## Your objective
All lines from the one containing "unnamed: JP1.1, R1.2" down to the final line of the entries below: return them exactly.

Stored data
——
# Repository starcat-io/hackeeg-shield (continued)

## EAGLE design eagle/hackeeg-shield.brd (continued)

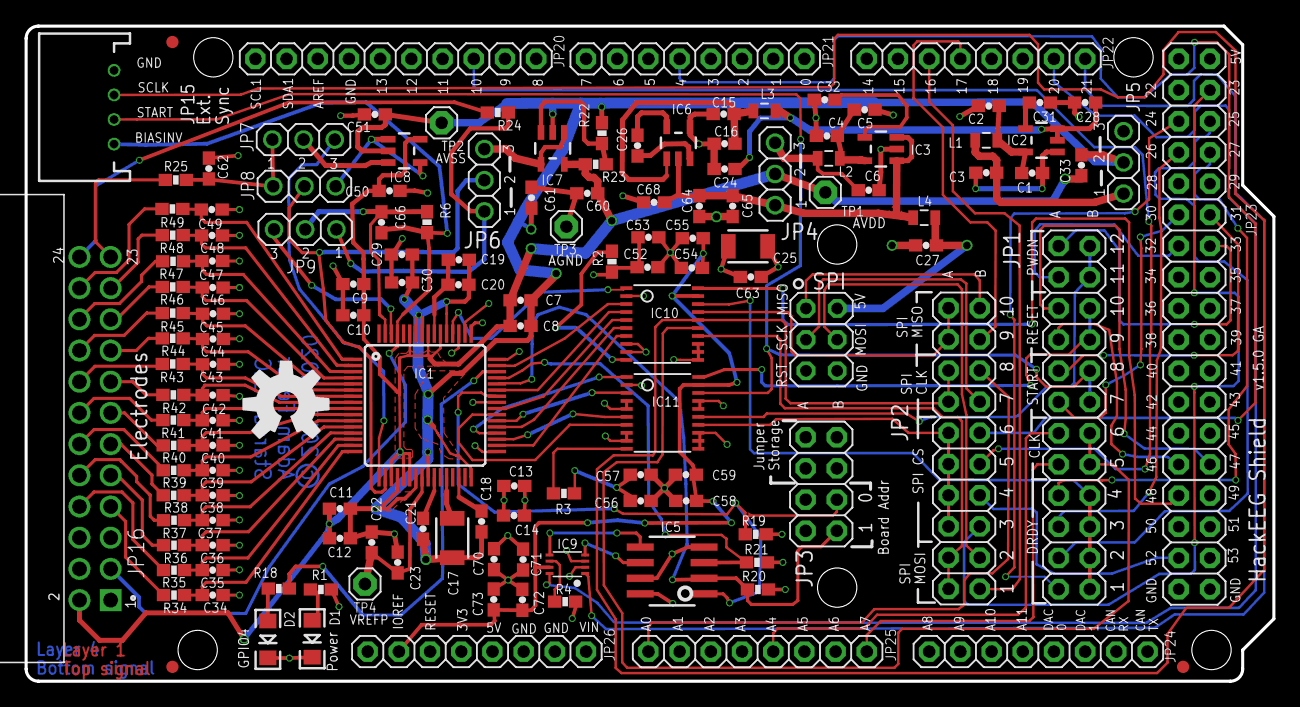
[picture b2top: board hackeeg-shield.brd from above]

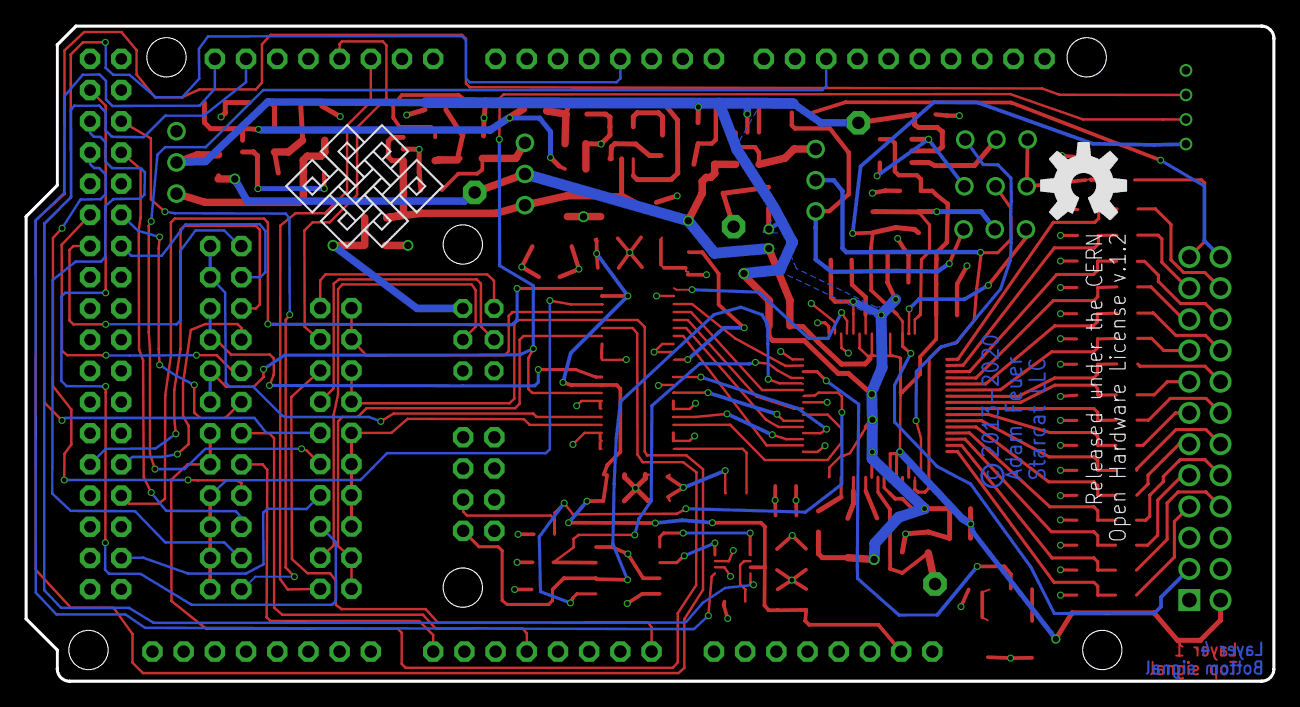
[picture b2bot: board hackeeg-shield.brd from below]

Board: 4 copper layers, 101.6 x 53.3 mm, 145 parts (2 on the bottom side), 122 nets.

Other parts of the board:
U$1, U$4: OSHW-LOGO-L
U$7: ENDLESSKNOT-MEDIUM

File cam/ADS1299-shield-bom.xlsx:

Reference | SMT/TH | Size | Manufacturer | Mfg Part Num | Digikey part number | Quantity1 | Pins | Pins extension | Description | Notes | Quantity2 | Digikey URL
C1,C4,C28 | SMT | 0603 | Samsung Electro-Mechanics America, Inc | CL10A225KP8NNNC | 1276-1085-1-ND | 3 | 2 | 6 | Capacitor - 2.2uF | ?? 3? C15 in twice |  | http://www.digikey.com/product-detail/en/CL10A225KP8NNNC/127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
C17, C25 | SMT | 1210 | Samsung Electro-Mechanics America, Inc | CL32A107MPVNNNE | 1276-3364-1-ND | 2 | 2 | 4 | Capacitor - 100uF |  |  | http://www.digikey.com/product-detail/en/CL32A107MPVNNNE/127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
D1 | SMT | 1206 | Lite-On Inc | LTW-150TK | 160-1737-1-ND | 1 | 2 | 2 | White LED |  |  | http://www.digikey.com/product-detail/en/LTW-150TK/160-1737-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
IC5 | SMT | SOIC-8 | Microchip | 24AA256UID-I/SN | 24AA256UID-I/SN-ND | 1 | 8 | 8 | 24AA256UID-I/SN - SOIC-8 Serial EEPROM |  |  | http://www.digikey.com/product-detail/en/24AA256UID-I%2FSN/2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
IC6 | SMT | SOT23-5 | Texas Instruments | TPS60403DBVT | 296-13418-1-ND | 1 | 5 | 5 | TPS60403DBVT - 60mA Charge Pump Voltage Inverter with Fixed 250kHz Operation |  |  | http://www.digikey.com/product-detail/en/TPS60403DBVT/296-13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
IC2 | SMT | SOT23-5 | Texas Instruments | TPS72325DBVT | 296-15799-1-ND | 1 | 5 | 5 | TPS72325DBVT - Cap-Free, NMOS, 250mA Low Dropout Regulator |  |  | http://www.digikey.com/product-search/en?pv7=2&k=TPS72325DBV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
IC3 | SMT | SOT23-5 | Texas Instruments | TPS73225DBVT | 296-15810-1-ND | 1 | 5 | 5 | TPS73225DBVT - Cap-Free, NMOS, 250mA Low Dropout Regulator |  |  | http://www.digikey.com/product-search/en?pv7=2&k=TPS73225DBV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
U2,U3 | SMT |  | Texas Instruments | TXB0108PWR | 296-21527-1-ND | 2 | 20 | 40 | TXB0108PWR - 8-Bit Bi-Directional Level Shifter |  |  | http://www.digikey.com/product-search/en?pv7=2&k=TXB0108PWR&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
IC9 | SMT | SOT23-5 | Texas Instruments | TXS0102DCTR | 296-21978-1-ND | 1 | 8 | 8 | TXS0102DCTR - 2-Bit Bi-Directional Level Shifter (I2C, etc.) |  |  | http://www.digikey.com/product-detail/en/TXS0102DCTR/296-219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
IC7,IC8 | SMT | SOT23-5 | Texas Instruments | OPA376AIDBVT | 296-21982-1-ND | 2 | 5 | 10 | OPA376AIDBVT - Low-Noise, Low Quiescent Current, Precision Operational Amplifier |  |  | http://www.digikey.com/product-search/en?pv7=2&pv1291=11&k=O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
IC1 | SMT | TQFP64 | Texas Instruments | ADS1299IPAG | 296-34818-1-ND | 1 | 64 | 64 | ADS1299IPAG - 8-Channel, 24-Bit Analog-To-Digital Converter With Integrated EEG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 |  |  | http://www.digikey.com/product-search/en?pv7=2&k=ADS1299IPAG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
C8,C10,C12,C14,C20,C33,C53,C55,C57,C59,C63,C71,C73 | SMT | 0603 | Kemet | C0603C104K8RACTU | 399-1095-1-ND | 13 | 2 | 26 | Capacitor - 0.1uF |  |  | http://www.digikey.com/product-detail/en/C0603C104K8RACTU/39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
C31,C66 | SMT | 0603 | Kemet | C0603C103K8RACTU | 399-11132-1-ND | 2 | 2 | 4 | Capacitor - 0.01uF |  |  | http://www.digikey.com/product-detail/en/C0603C103K8RACTU/39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
C7,C9,C11,C13,C15,C18,C19,C21,C22,C23,C26,C29,C30,C32,C50,C51,C52,C54,C56,C58,C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 | SMT | 0603 | Kemet | C0603C105K8PACTU | 399-3118-1-ND | 25 | 2 | 50 | Capacitor - 1uF |  |  | http://www.digikey.com/product-detail/en/C0603C105K8PACTU/39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
L1,L2,L3,L4 | SMT | 0805 | TDK Corporation | MLZ2012A3R3W | 445-6394-1-ND | 4 | 2 | 8 | Inductors - 3.3 uH |  |  | http://www.digikey.com/product-detail/en/MLF1608A3R3K/445-10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
C2,C3,C5,C16,C64,C6,C24,C27 | SMT | 0603 | TDK Corporation | C1608X5R1A106M080AC | 445-6853-1-ND | 8 | 2 | 16 | Capacitor - 10 uF |  |  | http://www.digikey.com/product-detail/en/C1608X5R1A106M080AC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
J16 | SMT |  | JST Sales America, Inc. | S3B-PH-SM4-TB(LF)(SN) | 455-1750-1-ND | 1 | 2 | 2 | JST_3PIN - PH Series |  |  | http://www.digikey.com/product-search/en?mpart=S3B-PH-K-S%28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
D2 | SMT | 1206 | OSRAM Opto Semiconductors Inc | LH N974-KN-1 | 475-1416-1-ND | 1 | 2 | 2 | Red LED |  |  | http://www.digikey.com/product-detail/en/LH%20N974-KN-1/475-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
C34,C35,C36,C37,C38,C39,C40,C41,C42,C43,C44,C45,C46,C47,C48,C49,C62 | SMT | 0603 | Murata Electronics North America | GRM188R71H472KA01D | 490-1506-1-ND | 17 | 2 | 34 | Capacitor - 4.7nF | 4700pF |  | http://www.digikey.com/product-search/en?pv7=2&k=GRM188R71H4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
JP1 | TH |  | Harwin, Inc. | M20-9981246 | 952-1917-ND | 1 | 24 | 24 | PIN HEADER - CONFIG1 - 2x12 male header |  |  | http://www.digikey.com/product-detail/en/M20-9981246/952-191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
JP0 | TH |  | Harwin, Inc. | M20-9980446 | 952-2123-ND | 1 | 8 | 8 | PIN HEADER - 2x4 male header |  |  | http://www.digikey.com/product-detail/en/M20-9980446/952-212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
JP2 | TH |  | Harwin, Inc. | M20-9981046 | 952-2130-ND | 1 | 20 | 20 | PIN HEADER - 2x10 male header |  |  | http://www.digikey.com/product-detail/en/M20-9981046/952-213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
JP3, JP4, JP5, JP6, JP7 | TH |  | Harwin, Inc. | M20-9990346 | 952-2264-ND | 5 | 3 | 15 | PIN HEADER - 5V-2.5V - 1x3 male header |  |  | http://www.digikey.com/product-detail/en/5-146280-3/5-146280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
R2,R3,R4,R19,R20,R21 | SMT | 0603 | Panasonic Electronic Components | ERJ-3EKF1002V | P10.0KHCT-ND | 6 | 2 | 12 | Resistor - 10k |  |  | http://www.digikey.com/product-detail/en/ERJ-3EKF1002V/P10.0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
R22,R23 | SMT | 0603 | Panasonic Electronic Components | ERJ-3EKF2004V | P2.00MHCT-ND | 2 | 2 | 4 | Resistor - 2M |  |  | http://www.digikey.com/product-detail/en/ERJ-3EKF2004V/P2.00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
R1,R18 | SMT | 0603 | Panasonic Electronic Components | ERJ-3EKF2700V | P270HCT-ND | 2 | 2 | 4 | Resistor - 270 |  |  | http://www.digikey.com/product-detail/en/ERJ-3EKF2700V/P270H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
R6 | SMT | 0603 | Panasonic Electronic Components | ERJ-3EKF2700V | P392HCT-ND | 1 | 2 | 2 | Resistor - 392 |  |  | http://www.digikey.com/product-detail/en/ERJ-3EKF3920V/P392H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
R24,R25,R34,R35,R36,R37,R38,R39,R40,R41,R42,R43,R44,R45,R46,R47,R48,R49 | SMT | 0603 | Panasonic Electronic Components | ERJ-3EKF4991V | P4.99KHCT-ND | 18 | 2 | 36 | Resistor - 4.99k |  |  | http://www.digikey.com/product-detail/en/ERJ-3EKF4991V/P4.99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
J8 | TH |  | Molex | 70247-3051 | WM9827-ND | 1 | 30 | 30 | PIN HEADER - Electrode Connector - 2x15 RA male shrouded header |  |  | http://www.digikey.com/product-detail/en/70247-3051/WM9827-N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
JP9, JP10, JP11, JP12, JP13, JP14 | TH |  | 4UCon | 18689 |  | 6 | 8 | 48 | PIN HEADER - 1x8 female header |  |  | http://www.4uconnector.com/online/SearchPro.asp?FormName=Pro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
JP8 | TH |  | 4UCon | 19950 |  | 1 | 10 | 10 | PIN HEADER - 1x10 female header |  |  | http://www.4uconnector.com/online/SearchPro.asp?FormName=Pro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
JP18 | TH | 0603 | 4UCon | 19950 |  | 1 | 36 | 36 | PIN HEADER - 2x18 female header |  |  | http://www.4uconnector.com/online/SearchPro.asp?FormName=Pro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
SPI | TH |  | 4UCon | 18677 |  | 1 | 6 | 6 | PIN HEADER - SPI |  |  | http://www.4uconnector.com/online/SearchPro.asp?FormName=Pro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
TP1 | NI |  |  |  |  |  |  |  | Pin header 1x1 for 0.1" spacing - AVDD_TEST_POINT | Not installed
TP2 | NI |  |  |  |  |  |  |  | Pin header 1x1 for 0.1" spacing - AVSS_TEST_POINT | Not installed
TP3 | NI |  |  |  |  |  |  |  | Pin header 1x1 for 0.1" spacing - AGND_TEST_POINT | Not installed

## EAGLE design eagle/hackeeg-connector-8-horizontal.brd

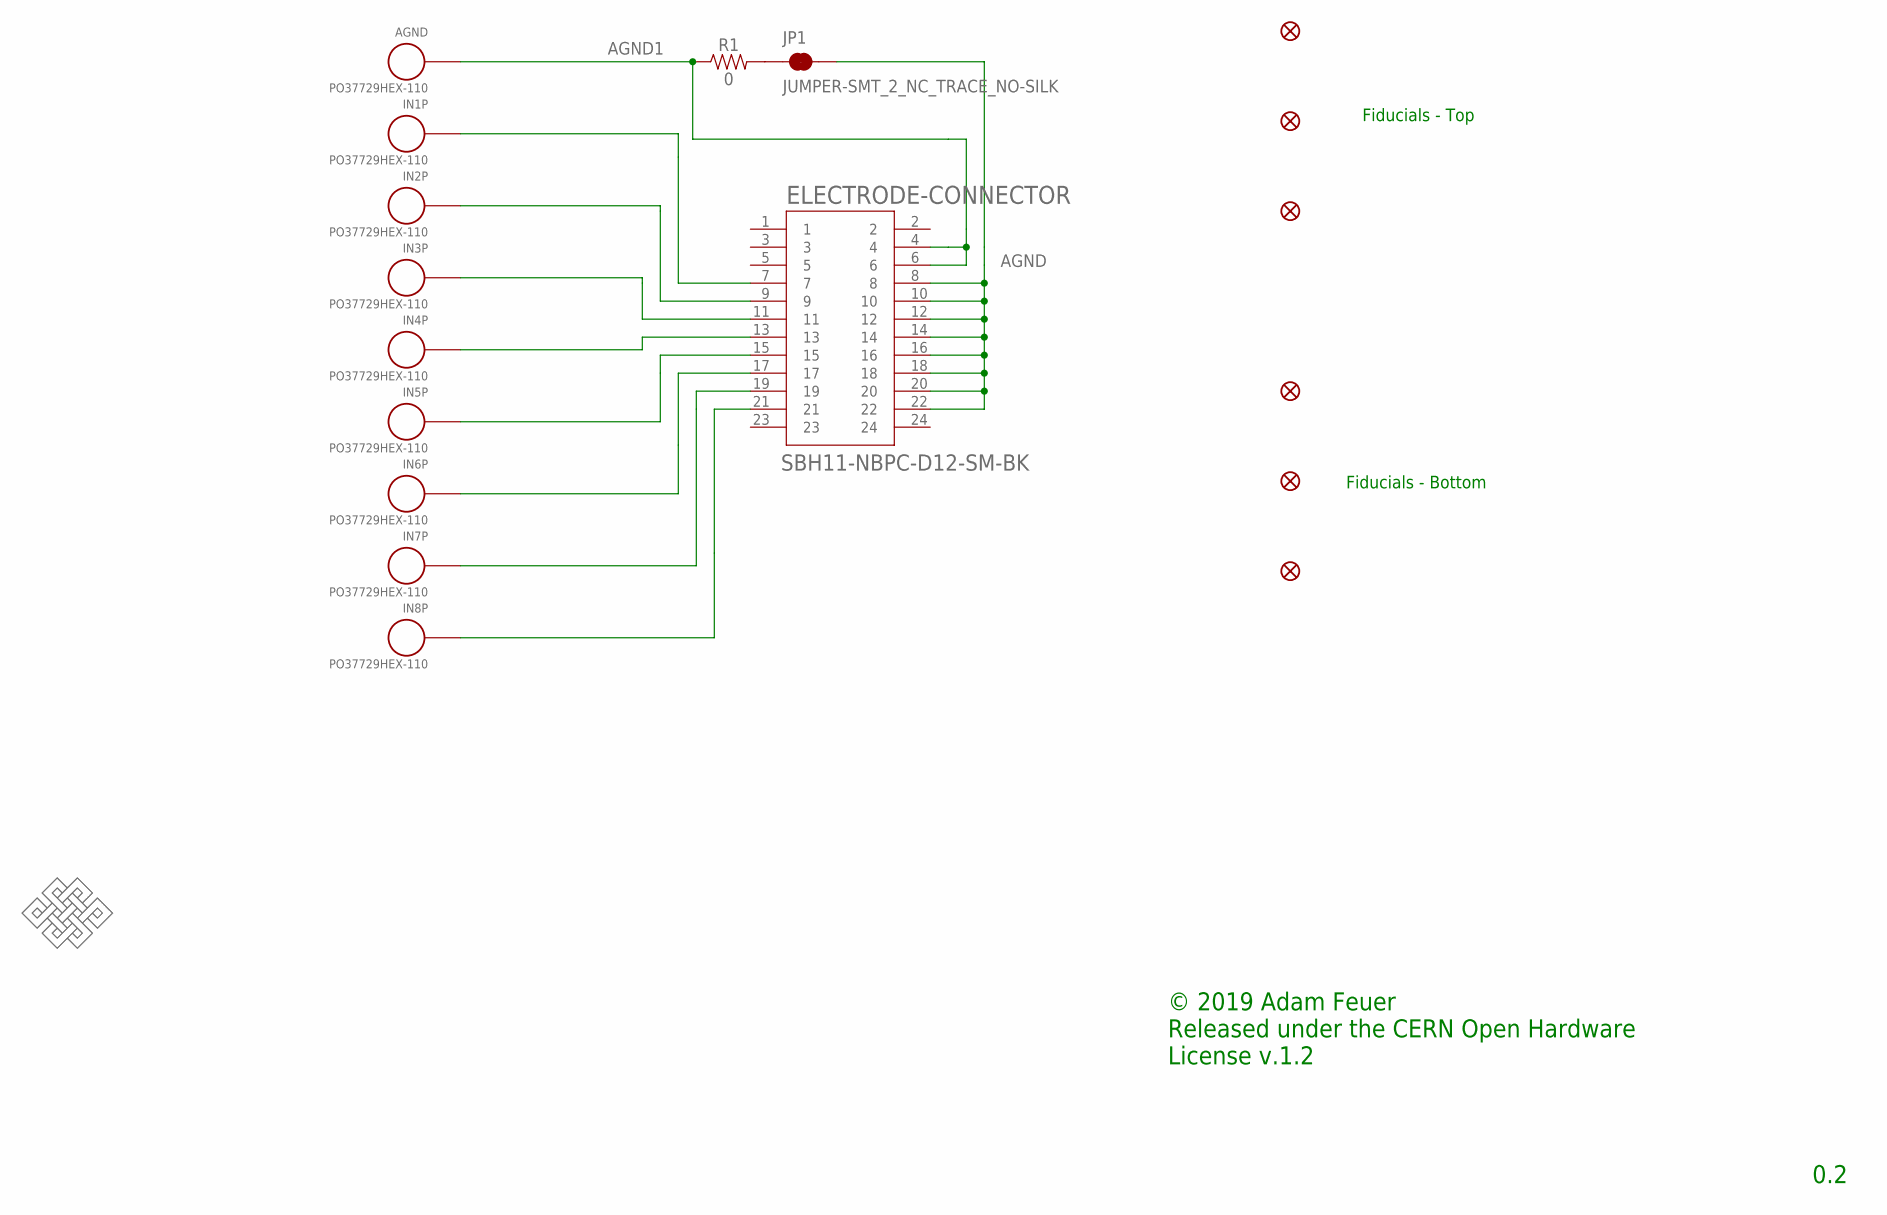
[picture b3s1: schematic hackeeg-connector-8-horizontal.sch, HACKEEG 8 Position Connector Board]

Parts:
AGND: PO37729HEX-110; HEX-110
ELECTRODE-CONNECTOR: SBH11-NBPC-D12-SM-BK; SULLINS_SBH11-NBPC-D12-SM-BK
FD1, FD2, FD3, FD4, FD5, FD6: FIDUCIAL1X2; FIDUCIAL-1X2
IN1P, IN2P, IN3P, IN4P, IN5P, IN6P, IN7P, IN8P: PO37729HEX-110; HEX-110
JP1: JUMPER-SMT_2_NC_TRACE_NO-SILK; SMT-JUMPER_2_NC_TRACE_NO-SILK
R1: 0; 0603
U$1: ENDLESSKNOTENDLESSKNOT-MEDIUM; ENDLESSKNOT-MEDIUM

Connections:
AGND: ELECTRODE-CONNECTOR.8, ELECTRODE-CONNECTOR.10, ELECTRODE-CONNECTOR.12, ELECTRODE-CONNECTOR.14, ELECTRODE-CONNECTOR.16, ELECTRODE-CONNECTOR.18, ELECTRODE-CONNECTOR.20, ELECTRODE-CONNECTOR.22, JP1.2
AGND1: AGND.SIGNAL, ELECTRODE-CONNECTOR.4, ELECTRODE-CONNECTOR.6, R1.1
unnamed: ELECTRODE-CONNECTOR.7, IN1P.SIGNAL
unnamed: ELECTRODE-CONNECTOR.9, IN2P.SIGNAL
unnamed: ELECTRODE-CONNECTOR.11, IN3P.SIGNAL
unnamed: ELECTRODE-CONNECTOR.13, IN4P.SIGNAL
unnamed: ELECTRODE-CONNECTOR.15, IN5P.SIGNAL
unnamed: ELECTRODE-CONNECTOR.17, IN6P.SIGNAL
unnamed: ELECTRODE-CONNECTOR.19, IN7P.SIGNAL
unnamed: ELECTRODE-CONNECTOR.21, IN8P.SIGNAL
unnamed: JP1.1, R1.2

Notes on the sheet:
Fiducials - Top
Fiducials - Bottom
© 2019 Adam Feuer Released under the CERN Open Hardware License v.1.2
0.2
——
## Your response
unnamed: JP1.1, R1.2

Notes on the sheet:
Fiducials - Top
Fiducials - Bottom
© 2019 Adam Feuer Released under the CERN Open Hardware License v.1.2
0.2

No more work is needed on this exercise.